» ACTIVITY
Retype the lines from the first one in the records down to the line containing "#9=PRODUCT_DEFINITION_SHAPE('','',#8);", counting both, and leave out any pictures.

Records from a collection
──────────────────────────────
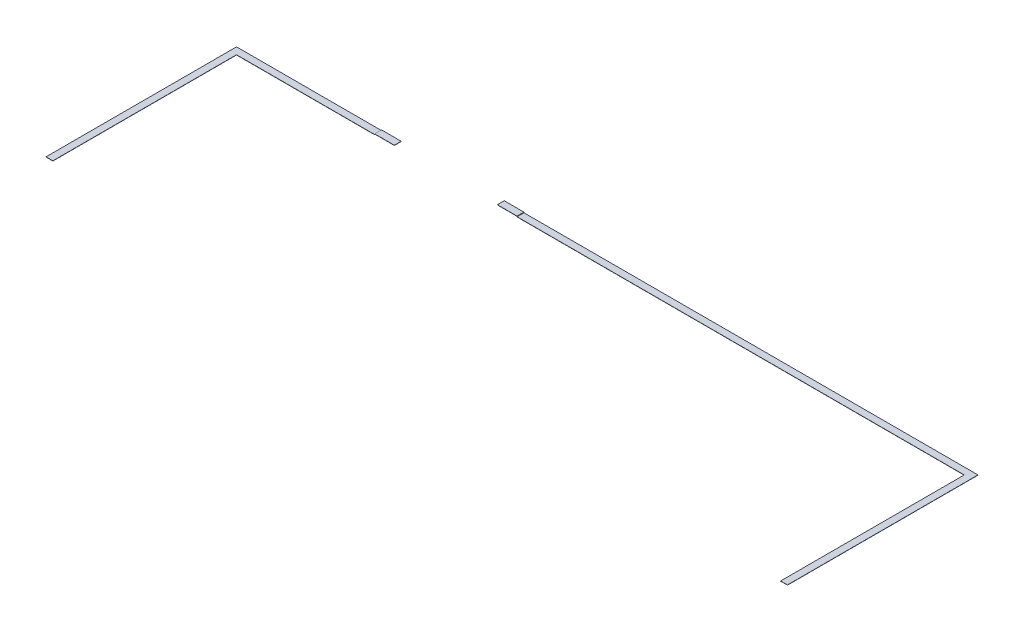
ISO-10303-21;
HEADER;
FILE_DESCRIPTION(('STEP AP214'),'2;1');
FILE_NAME('part.step','',(''),(''),'','','');
FILE_SCHEMA(('AUTOMOTIVE_DESIGN { 1 0 10303 214 1 1 1 1 }'));
ENDSEC;
DATA;
#1=APPLICATION_CONTEXT('core data for automotive mechanical design processes');
#2=APPLICATION_PROTOCOL_DEFINITION('international standard','automotive_design',2000,#1);
#3=PRODUCT_CONTEXT('',#1,'mechanical');
#4=PRODUCT('Part','Part','',(#3));
#5=PRODUCT_RELATED_PRODUCT_CATEGORY('part','',(#4));
#6=PRODUCT_DEFINITION_FORMATION('','',#4);
#7=PRODUCT_DEFINITION_CONTEXT('part definition',#1,'design');
#8=PRODUCT_DEFINITION('design','',#6,#7);
#9=PRODUCT_DEFINITION_SHAPE('','',#8);
#10=(LENGTH_UNIT() NAMED_UNIT(*) SI_UNIT(.MILLI.,.METRE.));
#11=(NAMED_UNIT(*) PLANE_ANGLE_UNIT() SI_UNIT($,.RADIAN.));
#12=(NAMED_UNIT(*) SI_UNIT($,.STERADIAN.) SOLID_ANGLE_UNIT());
#13=UNCERTAINTY_MEASURE_WITH_UNIT(LENGTH_MEASURE(1.E-05),#10,'distance_accuracy_value','');
#14=(GEOMETRIC_REPRESENTATION_CONTEXT(3) GLOBAL_UNCERTAINTY_ASSIGNED_CONTEXT((#13)) GLOBAL_UNIT_ASSIGNED_CONTEXT((#10,
#11,#12)) REPRESENTATION_CONTEXT('',''));
#15=CARTESIAN_POINT('',(0.,0.,0.));
#16=DIRECTION('',(0.,0.,1.));
#17=DIRECTION('',(1.,0.,0.));
#18=AXIS2_PLACEMENT_3D('',#15,#16,#17);
#19=CARTESIAN_POINT('',(2126.7166,5.8293,-1409.7));
#20=DIRECTION('',(1.,0.,0.));
#21=DIRECTION('',(0.,0.,-1.));
#22=AXIS2_PLACEMENT_3D('',#19,#20,#21);
#23=PLANE('',#22);
#24=DIRECTION('',(0.,0.,1.));
#25=VECTOR('',#24,1.);
#26=CARTESIAN_POINT('',(2126.7166,4.2418,-1409.7));
#27=LINE('',#26,#25);
#28=CARTESIAN_POINT('',(2126.7166,4.2418,-1409.7));
#29=VERTEX_POINT('',#28);
#30=CARTESIAN_POINT('',(2126.7166,4.2418,-1358.9));
#31=VERTEX_POINT('',#30);
#32=EDGE_CURVE('E110',#29,#31,#27,.T.);
#33=ORIENTED_EDGE('',*,*,#32,.F.);
#34=DIRECTION('',(0.,-1.,0.));
#35=VECTOR('',#34,1.);
#36=CARTESIAN_POINT('',(2126.7166,5.8293,-1409.7));
#37=LINE('',#36,#35);
#38=CARTESIAN_POINT('',(2126.7166,5.8293,-1409.7));
#39=VERTEX_POINT('',#38);
#40=EDGE_CURVE('E12',#39,#29,#37,.T.);
#41=ORIENTED_EDGE('',*,*,#40,.F.);
#42=DIRECTION('',(0.,0.,1.));
#43=VECTOR('',#42,1.);
#44=CARTESIAN_POINT('',(2126.7166,5.8293,-1409.7));
#45=LINE('',#44,#43);
#46=CARTESIAN_POINT('',(2126.7166,5.8293,-1358.9));
#47=VERTEX_POINT('',#46);
#48=EDGE_CURVE('E104',#39,#47,#45,.T.);
#49=ORIENTED_EDGE('',*,*,#48,.T.);
#50=DIRECTION('',(0.,-1.,0.));
#51=VECTOR('',#50,1.);
#52=CARTESIAN_POINT('',(2126.7166,5.8293,-1358.9));
#53=LINE('',#52,#51);
#54=EDGE_CURVE('E49',#47,#31,#53,.T.);
#55=ORIENTED_EDGE('',*,*,#54,.T.);
#56=EDGE_LOOP('',(#33,#41,#49,#55));
#57=FACE_BOUND('',#56,.T.);
#58=ADVANCED_FACE('F46',(#57),#23,.T.);
#59=CARTESIAN_POINT('',(2126.7166,5.8293,-1409.7));
#60=DIRECTION('',(0.,0.,-1.));
#61=DIRECTION('',(-1.,0.,0.));
#62=AXIS2_PLACEMENT_3D('',#59,#60,#61);
#63=PLANE('',#62);
#64=DIRECTION('',(1.,0.,0.));
#65=VECTOR('',#64,1.);
#66=CARTESIAN_POINT('',(2126.7166,4.2418,-1409.7));
#67=LINE('',#66,#65);
#68=CARTESIAN_POINT('',(1980.6666,4.2418,-1409.7));
#69=VERTEX_POINT('',#68);
#70=EDGE_CURVE('E106',#69,#29,#67,.T.);
#71=ORIENTED_EDGE('',*,*,#70,.F.);
#72=DIRECTION('',(0.,-1.,0.));
#73=VECTOR('',#72,1.);
#74=CARTESIAN_POINT('',(1980.6666,5.8293,-1409.7));
#75=LINE('',#74,#73);
#76=CARTESIAN_POINT('',(1980.6666,5.8293,-1409.7));
#77=VERTEX_POINT('',#76);
#78=EDGE_CURVE('E55',#77,#69,#75,.T.);
#79=ORIENTED_EDGE('',*,*,#78,.F.);
#80=DIRECTION('',(1.,0.,0.));
#81=VECTOR('',#80,1.);
#82=CARTESIAN_POINT('',(2126.7166,5.8293,-1409.7));
#83=LINE('',#82,#81);
#84=EDGE_CURVE('E101',#77,#39,#83,.T.);
#85=ORIENTED_EDGE('',*,*,#84,.T.);
#86=ORIENTED_EDGE('',*,*,#40,.T.);
#87=EDGE_LOOP('',(#71,#79,#85,#86));
#88=FACE_BOUND('',#87,.T.);
#89=ADVANCED_FACE('F120',(#88),#63,.T.);
#90=CARTESIAN_POINT('',(1980.6666,5.8293,-1409.7));
#91=DIRECTION('',(-1.,0.,0.));
#92=DIRECTION('',(0.,0.,1.));
#93=AXIS2_PLACEMENT_3D('',#90,#91,#92);
#94=PLANE('',#93);
#95=DIRECTION('',(0.,0.,-1.));
#96=VECTOR('',#95,1.);
#97=CARTESIAN_POINT('',(1980.6666,4.2418,-1409.7));
#98=LINE('',#97,#96);
#99=CARTESIAN_POINT('',(1980.6666,4.2418,-1358.9));
#100=VERTEX_POINT('',#99);
#101=EDGE_CURVE('E96',#100,#69,#98,.T.);
#102=ORIENTED_EDGE('',*,*,#101,.F.);
#103=DIRECTION('',(0.,-1.,0.));
#104=VECTOR('',#103,1.);
#105=CARTESIAN_POINT('',(1980.6666,5.8293,-1358.9));
#106=LINE('',#105,#104);
#107=CARTESIAN_POINT('',(1980.6666,5.8293,-1358.9));
#108=VERTEX_POINT('',#107);
#109=EDGE_CURVE('E91',#108,#100,#106,.T.);
#110=ORIENTED_EDGE('',*,*,#109,.F.);
#111=DIRECTION('',(0.,0.,-1.));
#112=VECTOR('',#111,1.);
#113=CARTESIAN_POINT('',(1980.6666,5.8293,-1409.7));
#114=LINE('',#113,#112);
#115=EDGE_CURVE('E94',#108,#77,#114,.T.);
#116=ORIENTED_EDGE('',*,*,#115,.T.);
#117=ORIENTED_EDGE('',*,*,#78,.T.);
#118=EDGE_LOOP('',(#102,#110,#116,#117));
#119=FACE_BOUND('',#118,.T.);
#120=ADVANCED_FACE('F93',(#119),#94,.T.);
#121=CARTESIAN_POINT('',(2126.7166,5.8293,-1358.9));
#122=DIRECTION('',(0.,0.,1.));
#123=DIRECTION('',(1.,0.,0.));
#124=AXIS2_PLACEMENT_3D('',#121,#122,#123);
#125=PLANE('',#124);
#126=DIRECTION('',(-1.,0.,0.));
#127=VECTOR('',#126,1.);
#128=CARTESIAN_POINT('',(2126.7166,4.2418,-1358.9));
#129=LINE('',#128,#127);
#130=EDGE_CURVE('E113',#31,#100,#129,.T.);
#131=ORIENTED_EDGE('',*,*,#130,.F.);
#132=ORIENTED_EDGE('',*,*,#54,.F.);
#133=DIRECTION('',(-1.,0.,0.));
#134=VECTOR('',#133,1.);
#135=CARTESIAN_POINT('',(2126.7166,5.8293,-1358.9));
#136=LINE('',#135,#134);
#137=EDGE_CURVE('E100',#47,#108,#136,.T.);
#138=ORIENTED_EDGE('',*,*,#137,.T.);
#139=ORIENTED_EDGE('',*,*,#109,.T.);
#140=EDGE_LOOP('',(#131,#132,#138,#139));
#141=FACE_BOUND('',#140,.T.);
#142=ADVANCED_FACE('F103',(#141),#125,.T.);
#143=CARTESIAN_POINT('',(0.,5.8293,0.));
#144=DIRECTION('',(0.,-1.,0.));
#145=DIRECTION('',(0.,0.,-1.));
#146=AXIS2_PLACEMENT_3D('',#143,#144,#145);
#147=PLANE('',#146);
#148=ORIENTED_EDGE('',*,*,#48,.F.);
#149=ORIENTED_EDGE('',*,*,#84,.F.);
#150=ORIENTED_EDGE('',*,*,#115,.F.);
#151=ORIENTED_EDGE('',*,*,#137,.F.);
#152=EDGE_LOOP('',(#148,#149,#150,#151));
#153=FACE_BOUND('',#152,.T.);
#154=ADVANCED_FACE('F99',(#153),#147,.F.);
#155=CARTESIAN_POINT('',(0.,4.2418,0.));
#156=DIRECTION('',(0.,-1.,0.));
#157=DIRECTION('',(0.,0.,-1.));
#158=AXIS2_PLACEMENT_3D('',#155,#156,#157);
#159=PLANE('',#158);
#160=ORIENTED_EDGE('',*,*,#32,.T.);
#161=ORIENTED_EDGE('',*,*,#130,.T.);
#162=ORIENTED_EDGE('',*,*,#101,.T.);
#163=ORIENTED_EDGE('',*,*,#70,.T.);
#164=EDGE_LOOP('',(#160,#161,#162,#163));
#165=FACE_BOUND('',#164,.T.);
#166=ADVANCED_FACE('F119',(#165),#159,.T.);
#167=CLOSED_SHELL('',(#58,#89,#120,#142,#154,#166));
#168=MANIFOLD_SOLID_BREP('B2',#167);
#169=CARTESIAN_POINT('',(1072.6166,5.8293,-1409.7));
#170=DIRECTION('',(-1.,0.,0.));
#171=DIRECTION('',(0.,0.,1.));
#172=AXIS2_PLACEMENT_3D('',#169,#170,#171);
#173=PLANE('',#172);
#174=DIRECTION('',(0.,0.,-1.));
#175=VECTOR('',#174,1.);
#176=CARTESIAN_POINT('',(1072.6166,4.2418,-1409.7));
#177=LINE('',#176,#175);
#178=CARTESIAN_POINT('',(1072.6166,4.2418,-1358.9));
#179=VERTEX_POINT('',#178);
#180=CARTESIAN_POINT('',(1072.6166,4.2418,-1409.7));
#181=VERTEX_POINT('',#180);
#182=EDGE_CURVE('E244',#179,#181,#177,.T.);
#183=ORIENTED_EDGE('',*,*,#182,.F.);
#184=DIRECTION('',(0.,-1.,0.));
#185=VECTOR('',#184,1.);
#186=CARTESIAN_POINT('',(1072.6166,5.8293,-1358.9));
#187=LINE('',#186,#185);
#188=CARTESIAN_POINT('',(1072.6166,5.8293,-1358.9));
#189=VERTEX_POINT('',#188);
#190=EDGE_CURVE('E44',#189,#179,#187,.T.);
#191=ORIENTED_EDGE('',*,*,#190,.F.);
#192=DIRECTION('',(0.,0.,-1.));
#193=VECTOR('',#192,1.);
#194=CARTESIAN_POINT('',(1072.6166,5.8293,-1409.7));
#195=LINE('',#194,#193);
#196=CARTESIAN_POINT('',(1072.6166,5.8293,-1409.7));
#197=VERTEX_POINT('',#196);
#198=EDGE_CURVE('E238',#189,#197,#195,.T.);
#199=ORIENTED_EDGE('',*,*,#198,.T.);
#200=DIRECTION('',(0.,-1.,0.));
#201=VECTOR('',#200,1.);
#202=CARTESIAN_POINT('',(1072.6166,5.8293,-1409.7));
#203=LINE('',#202,#201);
#204=EDGE_CURVE('E183',#197,#181,#203,.T.);
#205=ORIENTED_EDGE('',*,*,#204,.T.);
#206=EDGE_LOOP('',(#183,#191,#199,#205));
#207=FACE_BOUND('',#206,.T.);
#208=ADVANCED_FACE('F180',(#207),#173,.T.);
#209=CARTESIAN_POINT('',(1072.6166,5.8293,-1358.9));
#210=DIRECTION('',(0.,0.,1.));
#211=DIRECTION('',(1.,0.,0.));
#212=AXIS2_PLACEMENT_3D('',#209,#210,#211);
#213=PLANE('',#212);
#214=DIRECTION('',(-1.,0.,0.));
#215=VECTOR('',#214,1.);
#216=CARTESIAN_POINT('',(1072.6166,4.2418,-1358.9));
#217=LINE('',#216,#215);
#218=CARTESIAN_POINT('',(1218.6666,4.2418,-1358.9));
#219=VERTEX_POINT('',#218);
#220=EDGE_CURVE('E240',#219,#179,#217,.T.);
#221=ORIENTED_EDGE('',*,*,#220,.F.);
#222=DIRECTION('',(0.,-1.,0.));
#223=VECTOR('',#222,1.);
#224=CARTESIAN_POINT('',(1218.6666,5.8293,-1358.9));
#225=LINE('',#224,#223);
#226=CARTESIAN_POINT('',(1218.6666,5.8293,-1358.9));
#227=VERTEX_POINT('',#226);
#228=EDGE_CURVE('E189',#227,#219,#225,.T.);
#229=ORIENTED_EDGE('',*,*,#228,.F.);
#230=DIRECTION('',(-1.,0.,0.));
#231=VECTOR('',#230,1.);
#232=CARTESIAN_POINT('',(1072.6166,5.8293,-1358.9));
#233=LINE('',#232,#231);
#234=EDGE_CURVE('E235',#227,#189,#233,.T.);
#235=ORIENTED_EDGE('',*,*,#234,.T.);
#236=ORIENTED_EDGE('',*,*,#190,.T.);
#237=EDGE_LOOP('',(#221,#229,#235,#236));
#238=FACE_BOUND('',#237,.T.);
#239=ADVANCED_FACE('F254',(#238),#213,.T.);
#240=CARTESIAN_POINT('',(1218.6666,5.8293,-1409.7));
#241=DIRECTION('',(1.,0.,0.));
#242=DIRECTION('',(0.,0.,-1.));
#243=AXIS2_PLACEMENT_3D('',#240,#241,#242);
#244=PLANE('',#243);
#245=DIRECTION('',(0.,0.,1.));
#246=VECTOR('',#245,1.);
#247=CARTESIAN_POINT('',(1218.6666,4.2418,-1409.7));
#248=LINE('',#247,#246);
#249=CARTESIAN_POINT('',(1218.6666,4.2418,-1409.7));
#250=VERTEX_POINT('',#249);
#251=EDGE_CURVE('E230',#250,#219,#248,.T.);
#252=ORIENTED_EDGE('',*,*,#251,.F.);
#253=DIRECTION('',(0.,-1.,0.));
#254=VECTOR('',#253,1.);
#255=CARTESIAN_POINT('',(1218.6666,5.8293,-1409.7));
#256=LINE('',#255,#254);
#257=CARTESIAN_POINT('',(1218.6666,5.8293,-1409.7));
#258=VERTEX_POINT('',#257);
#259=EDGE_CURVE('E225',#258,#250,#256,.T.);
#260=ORIENTED_EDGE('',*,*,#259,.F.);
#261=DIRECTION('',(0.,0.,1.));
#262=VECTOR('',#261,1.);
#263=CARTESIAN_POINT('',(1218.6666,5.8293,-1409.7));
#264=LINE('',#263,#262);
#265=EDGE_CURVE('E228',#258,#227,#264,.T.);
#266=ORIENTED_EDGE('',*,*,#265,.T.);
#267=ORIENTED_EDGE('',*,*,#228,.T.);
#268=EDGE_LOOP('',(#252,#260,#266,#267));
#269=FACE_BOUND('',#268,.T.);
#270=ADVANCED_FACE('F227',(#269),#244,.T.);
#271=CARTESIAN_POINT('',(1072.6166,5.8293,-1409.7));
#272=DIRECTION('',(0.,0.,-1.));
#273=DIRECTION('',(-1.,0.,0.));
#274=AXIS2_PLACEMENT_3D('',#271,#272,#273);
#275=PLANE('',#274);
#276=DIRECTION('',(1.,0.,0.));
#277=VECTOR('',#276,1.);
#278=CARTESIAN_POINT('',(1072.6166,4.2418,-1409.7));
#279=LINE('',#278,#277);
#280=EDGE_CURVE('E247',#181,#250,#279,.T.);
#281=ORIENTED_EDGE('',*,*,#280,.F.);
#282=ORIENTED_EDGE('',*,*,#204,.F.);
#283=DIRECTION('',(1.,0.,0.));
#284=VECTOR('',#283,1.);
#285=CARTESIAN_POINT('',(1072.6166,5.8293,-1409.7));
#286=LINE('',#285,#284);
#287=EDGE_CURVE('E234',#197,#258,#286,.T.);
#288=ORIENTED_EDGE('',*,*,#287,.T.);
#289=ORIENTED_EDGE('',*,*,#259,.T.);
#290=EDGE_LOOP('',(#281,#282,#288,#289));
#291=FACE_BOUND('',#290,.T.);
#292=ADVANCED_FACE('F237',(#291),#275,.T.);
#293=CARTESIAN_POINT('',(0.,5.8293,0.));
#294=DIRECTION('',(0.,1.,0.));
#295=DIRECTION('',(0.,0.,1.));
#296=AXIS2_PLACEMENT_3D('',#293,#294,#295);
#297=PLANE('',#296);
#298=ORIENTED_EDGE('',*,*,#198,.F.);
#299=ORIENTED_EDGE('',*,*,#234,.F.);
#300=ORIENTED_EDGE('',*,*,#265,.F.);
#301=ORIENTED_EDGE('',*,*,#287,.F.);
#302=EDGE_LOOP('',(#298,#299,#300,#301));
#303=FACE_BOUND('',#302,.T.);
#304=ADVANCED_FACE('F233',(#303),#297,.T.);
#305=CARTESIAN_POINT('',(0.,4.2418,0.));
#306=DIRECTION('',(0.,1.,0.));
#307=DIRECTION('',(0.,0.,1.));
#308=AXIS2_PLACEMENT_3D('',#305,#306,#307);
#309=PLANE('',#308);
#310=ORIENTED_EDGE('',*,*,#182,.T.);
#311=ORIENTED_EDGE('',*,*,#280,.T.);
#312=ORIENTED_EDGE('',*,*,#251,.T.);
#313=ORIENTED_EDGE('',*,*,#220,.T.);
#314=EDGE_LOOP('',(#310,#311,#312,#313));
#315=FACE_BOUND('',#314,.T.);
#316=ADVANCED_FACE('F253',(#315),#309,.F.);
#317=CLOSED_SHELL('',(#208,#239,#270,#292,#304,#316));
#318=MANIFOLD_SOLID_BREP('B6',#317);
#319=CARTESIAN_POINT('',(5435.6,1.5875,-1358.9));
#320=DIRECTION('',(1.,0.,0.));
#321=DIRECTION('',(0.,0.,-1.));
#322=AXIS2_PLACEMENT_3D('',#319,#320,#321);
#323=PLANE('',#322);
#324=DIRECTION('',(0.,0.,1.));
#325=VECTOR('',#324,1.);
#326=CARTESIAN_POINT('',(5435.6,0.,-1358.9));
#327=LINE('',#326,#325);
#328=CARTESIAN_POINT('',(5435.6,0.,-1358.9));
#329=VERTEX_POINT('',#328);
#330=CARTESIAN_POINT('',(5435.6,0.,0.));
#331=VERTEX_POINT('',#330);
#332=EDGE_CURVE('E387',#329,#331,#327,.T.);
#333=ORIENTED_EDGE('',*,*,#332,.T.);
#334=DIRECTION('',(0.,-1.,0.));
#335=VECTOR('',#334,1.);
#336=CARTESIAN_POINT('',(5435.6,1.5875,0.));
#337=LINE('',#336,#335);
#338=CARTESIAN_POINT('',(5435.6,1.5875,0.));
#339=VERTEX_POINT('',#338);
#340=EDGE_CURVE('E320',#339,#331,#337,.T.);
#341=ORIENTED_EDGE('',*,*,#340,.F.);
#342=DIRECTION('',(0.,0.,1.));
#343=VECTOR('',#342,1.);
#344=CARTESIAN_POINT('',(5435.6,1.5875,-1358.9));
#345=LINE('',#344,#343);
#346=CARTESIAN_POINT('',(5435.6,1.5875,-1358.9));
#347=VERTEX_POINT('',#346);
#348=EDGE_CURVE('E417',#347,#339,#345,.T.);
#349=ORIENTED_EDGE('',*,*,#348,.F.);
#350=DIRECTION('',(0.,-1.,0.));
#351=VECTOR('',#350,1.);
#352=CARTESIAN_POINT('',(5435.6,1.5875,-1358.9));
#353=LINE('',#352,#351);
#354=EDGE_CURVE('E178',#347,#329,#353,.T.);
#355=ORIENTED_EDGE('',*,*,#354,.T.);
#356=EDGE_LOOP('',(#333,#341,#349,#355));
#357=FACE_BOUND('',#356,.T.);
#358=ADVANCED_FACE('F312',(#357),#323,.F.);
#359=CARTESIAN_POINT('',(5435.6,1.5875,0.));
#360=DIRECTION('',(0.,0.,-1.));
#361=DIRECTION('',(-1.,0.,0.));
#362=AXIS2_PLACEMENT_3D('',#359,#360,#361);
#363=PLANE('',#362);
#364=DIRECTION('',(1.,0.,0.));
#365=VECTOR('',#364,1.);
#366=CARTESIAN_POINT('',(5435.6,0.,0.));
#367=LINE('',#366,#365);
#368=CARTESIAN_POINT('',(5486.4,0.,0.));
#369=VERTEX_POINT('',#368);
#370=EDGE_CURVE('E390',#331,#369,#367,.T.);
#371=ORIENTED_EDGE('',*,*,#370,.T.);
#372=DIRECTION('',(0.,-1.,0.));
#373=VECTOR('',#372,1.);
#374=CARTESIAN_POINT('',(5486.4,1.5875,0.));
#375=LINE('',#374,#373);
#376=CARTESIAN_POINT('',(5486.4,1.5875,0.));
#377=VERTEX_POINT('',#376);
#378=EDGE_CURVE('E403',#377,#369,#375,.T.);
#379=ORIENTED_EDGE('',*,*,#378,.F.);
#380=DIRECTION('',(1.,0.,0.));
#381=VECTOR('',#380,1.);
#382=CARTESIAN_POINT('',(5435.6,1.5875,0.));
#383=LINE('',#382,#381);
#384=EDGE_CURVE('E410',#339,#377,#383,.T.);
#385=ORIENTED_EDGE('',*,*,#384,.F.);
#386=ORIENTED_EDGE('',*,*,#340,.T.);
#387=EDGE_LOOP('',(#371,#379,#385,#386));
#388=FACE_BOUND('',#387,.T.);
#389=ADVANCED_FACE('F408',(#388),#363,.F.);
#390=CARTESIAN_POINT('',(5486.4,1.5875,-1409.7));
#391=DIRECTION('',(-1.,0.,0.));
#392=DIRECTION('',(0.,0.,1.));
#393=AXIS2_PLACEMENT_3D('',#390,#391,#392);
#394=PLANE('',#393);
#395=DIRECTION('',(0.,0.,-1.));
#396=VECTOR('',#395,1.);
#397=CARTESIAN_POINT('',(5486.4,0.,-1409.7));
#398=LINE('',#397,#396);
#399=CARTESIAN_POINT('',(5486.4,0.,-1409.7));
#400=VERTEX_POINT('',#399);
#401=EDGE_CURVE('E357',#369,#400,#398,.T.);
#402=ORIENTED_EDGE('',*,*,#401,.T.);
#403=DIRECTION('',(0.,-1.,0.));
#404=VECTOR('',#403,1.);
#405=CARTESIAN_POINT('',(5486.4,1.5875,-1409.7));
#406=LINE('',#405,#404);
#407=CARTESIAN_POINT('',(5486.4,1.5875,-1409.7));
#408=VERTEX_POINT('',#407);
#409=EDGE_CURVE('E401',#408,#400,#406,.T.);
#410=ORIENTED_EDGE('',*,*,#409,.F.);
#411=DIRECTION('',(0.,0.,-1.));
#412=VECTOR('',#411,1.);
#413=CARTESIAN_POINT('',(5486.4,1.5875,-1409.7));
#414=LINE('',#413,#412);
#415=EDGE_CURVE('E336',#377,#408,#414,.T.);
#416=ORIENTED_EDGE('',*,*,#415,.F.);
#417=ORIENTED_EDGE('',*,*,#378,.T.);
#418=EDGE_LOOP('',(#402,#410,#416,#417));
#419=FACE_BOUND('',#418,.T.);
#420=ADVANCED_FACE('F416',(#419),#394,.F.);
#421=CARTESIAN_POINT('',(0.,1.5875,0.));
#422=DIRECTION('',(0.,-1.,0.));
#423=DIRECTION('',(0.,0.,-1.));
#424=AXIS2_PLACEMENT_3D('',#421,#422,#423);
#425=PLANE('',#424);
#426=DIRECTION('',(-1.,0.,0.));
#427=VECTOR('',#426,1.);
#428=CARTESIAN_POINT('',(0.,1.5875,-1409.7));
#429=LINE('',#428,#427);
#430=CARTESIAN_POINT('',(2126.7166,1.5875,-1409.7));
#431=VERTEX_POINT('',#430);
──────────────────────────────
» SOLUTION TO THIS TASK
ISO-10303-21;
HEADER;
FILE_DESCRIPTION(('STEP AP214'),'2;1');
FILE_NAME('part.step','',(''),(''),'','','');
FILE_SCHEMA(('AUTOMOTIVE_DESIGN { 1 0 10303 214 1 1 1 1 }'));
ENDSEC;
DATA;
#1=APPLICATION_CONTEXT('core data for automotive mechanical design processes');
#2=APPLICATION_PROTOCOL_DEFINITION('international standard','automotive_design',2000,#1);
#3=PRODUCT_CONTEXT('',#1,'mechanical');
#4=PRODUCT('Part','Part','',(#3));
#5=PRODUCT_RELATED_PRODUCT_CATEGORY('part','',(#4));
#6=PRODUCT_DEFINITION_FORMATION('','',#4);
#7=PRODUCT_DEFINITION_CONTEXT('part definition',#1,'design');
#8=PRODUCT_DEFINITION('design','',#6,#7);
#9=PRODUCT_DEFINITION_SHAPE('','',#8);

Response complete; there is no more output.